- _INPUT MATERIAL_:

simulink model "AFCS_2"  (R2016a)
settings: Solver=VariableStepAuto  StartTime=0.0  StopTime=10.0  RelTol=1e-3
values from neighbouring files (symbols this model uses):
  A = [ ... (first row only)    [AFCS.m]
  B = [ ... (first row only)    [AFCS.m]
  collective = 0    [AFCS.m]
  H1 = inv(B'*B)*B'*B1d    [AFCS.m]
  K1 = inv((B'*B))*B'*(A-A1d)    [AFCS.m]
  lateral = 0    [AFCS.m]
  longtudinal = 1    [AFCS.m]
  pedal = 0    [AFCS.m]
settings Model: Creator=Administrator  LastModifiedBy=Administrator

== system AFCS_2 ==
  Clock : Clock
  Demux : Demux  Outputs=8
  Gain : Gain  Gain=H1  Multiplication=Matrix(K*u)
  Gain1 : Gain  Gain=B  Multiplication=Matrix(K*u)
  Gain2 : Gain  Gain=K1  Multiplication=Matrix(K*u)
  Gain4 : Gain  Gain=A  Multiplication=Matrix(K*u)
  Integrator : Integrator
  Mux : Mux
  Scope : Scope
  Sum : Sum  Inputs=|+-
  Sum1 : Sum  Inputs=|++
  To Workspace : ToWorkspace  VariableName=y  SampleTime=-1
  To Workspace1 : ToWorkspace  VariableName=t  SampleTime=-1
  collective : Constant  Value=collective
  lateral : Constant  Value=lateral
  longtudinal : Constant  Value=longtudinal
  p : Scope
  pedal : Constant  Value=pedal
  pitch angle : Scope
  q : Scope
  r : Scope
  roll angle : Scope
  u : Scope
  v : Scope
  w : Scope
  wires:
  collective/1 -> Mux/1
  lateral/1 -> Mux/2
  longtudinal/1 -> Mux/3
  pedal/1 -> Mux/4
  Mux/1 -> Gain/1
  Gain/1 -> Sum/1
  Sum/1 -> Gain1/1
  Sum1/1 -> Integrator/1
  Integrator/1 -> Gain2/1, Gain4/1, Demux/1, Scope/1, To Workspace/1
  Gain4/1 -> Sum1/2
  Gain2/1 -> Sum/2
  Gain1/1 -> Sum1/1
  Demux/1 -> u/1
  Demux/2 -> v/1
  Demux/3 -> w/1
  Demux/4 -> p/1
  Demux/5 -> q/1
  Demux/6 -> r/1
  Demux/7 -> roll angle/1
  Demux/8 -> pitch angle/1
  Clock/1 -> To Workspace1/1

- _PROBLEM TO WORK ON_:
Copy out the whole listing exactly.

- _WORKED SOLUTION_:
simulink model "AFCS_2"  (R2016a)
settings: Solver=VariableStepAuto  StartTime=0.0  StopTime=10.0  RelTol=1e-3
values from neighbouring files (symbols this model uses):
  A = [ ... (first row only)    [AFCS.m]
  B = [ ... (first row only)    [AFCS.m]
  collective = 0    [AFCS.m]
  H1 = inv(B'*B)*B'*B1d    [AFCS.m]
  K1 = inv((B'*B))*B'*(A-A1d)    [AFCS.m]
  lateral = 0    [AFCS.m]
  longtudinal = 1    [AFCS.m]
  pedal = 0    [AFCS.m]
settings Model: Creator=Administrator  LastModifiedBy=Administrator

== system AFCS_2 ==
  Clock : Clock
  Demux : Demux  Outputs=8
  Gain : Gain  Gain=H1  Multiplication=Matrix(K*u)
  Gain1 : Gain  Gain=B  Multiplication=Matrix(K*u)
  Gain2 : Gain  Gain=K1  Multiplication=Matrix(K*u)
  Gain4 : Gain  Gain=A  Multiplication=Matrix(K*u)
  Integrator : Integrator
  Mux : Mux
  Scope : Scope
  Sum : Sum  Inputs=|+-
  Sum1 : Sum  Inputs=|++
  To Workspace : ToWorkspace  VariableName=y  SampleTime=-1
  To Workspace1 : ToWorkspace  VariableName=t  SampleTime=-1
  collective : Constant  Value=collective
  lateral : Constant  Value=lateral
  longtudinal : Constant  Value=longtudinal
  p : Scope
  pedal : Constant  Value=pedal
  pitch angle : Scope
  q : Scope
  r : Scope
  roll angle : Scope
  u : Scope
  v : Scope
  w : Scope
  wires:
  collective/1 -> Mux/1
  lateral/1 -> Mux/2
  longtudinal/1 -> Mux/3
  pedal/1 -> Mux/4
  Mux/1 -> Gain/1
  Gain/1 -> Sum/1
  Sum/1 -> Gain1/1
  Sum1/1 -> Integrator/1
  Integrator/1 -> Gain2/1, Gain4/1, Demux/1, Scope/1, To Workspace/1
  Gain4/1 -> Sum1/2
  Gain2/1 -> Sum/2
  Gain1/1 -> Sum1/1
  Demux/1 -> u/1
  Demux/2 -> v/1
  Demux/3 -> w/1
  Demux/4 -> p/1
  Demux/5 -> q/1
  Demux/6 -> r/1
  Demux/7 -> roll angle/1
  Demux/8 -> pitch angle/1
  Clock/1 -> To Workspace1/1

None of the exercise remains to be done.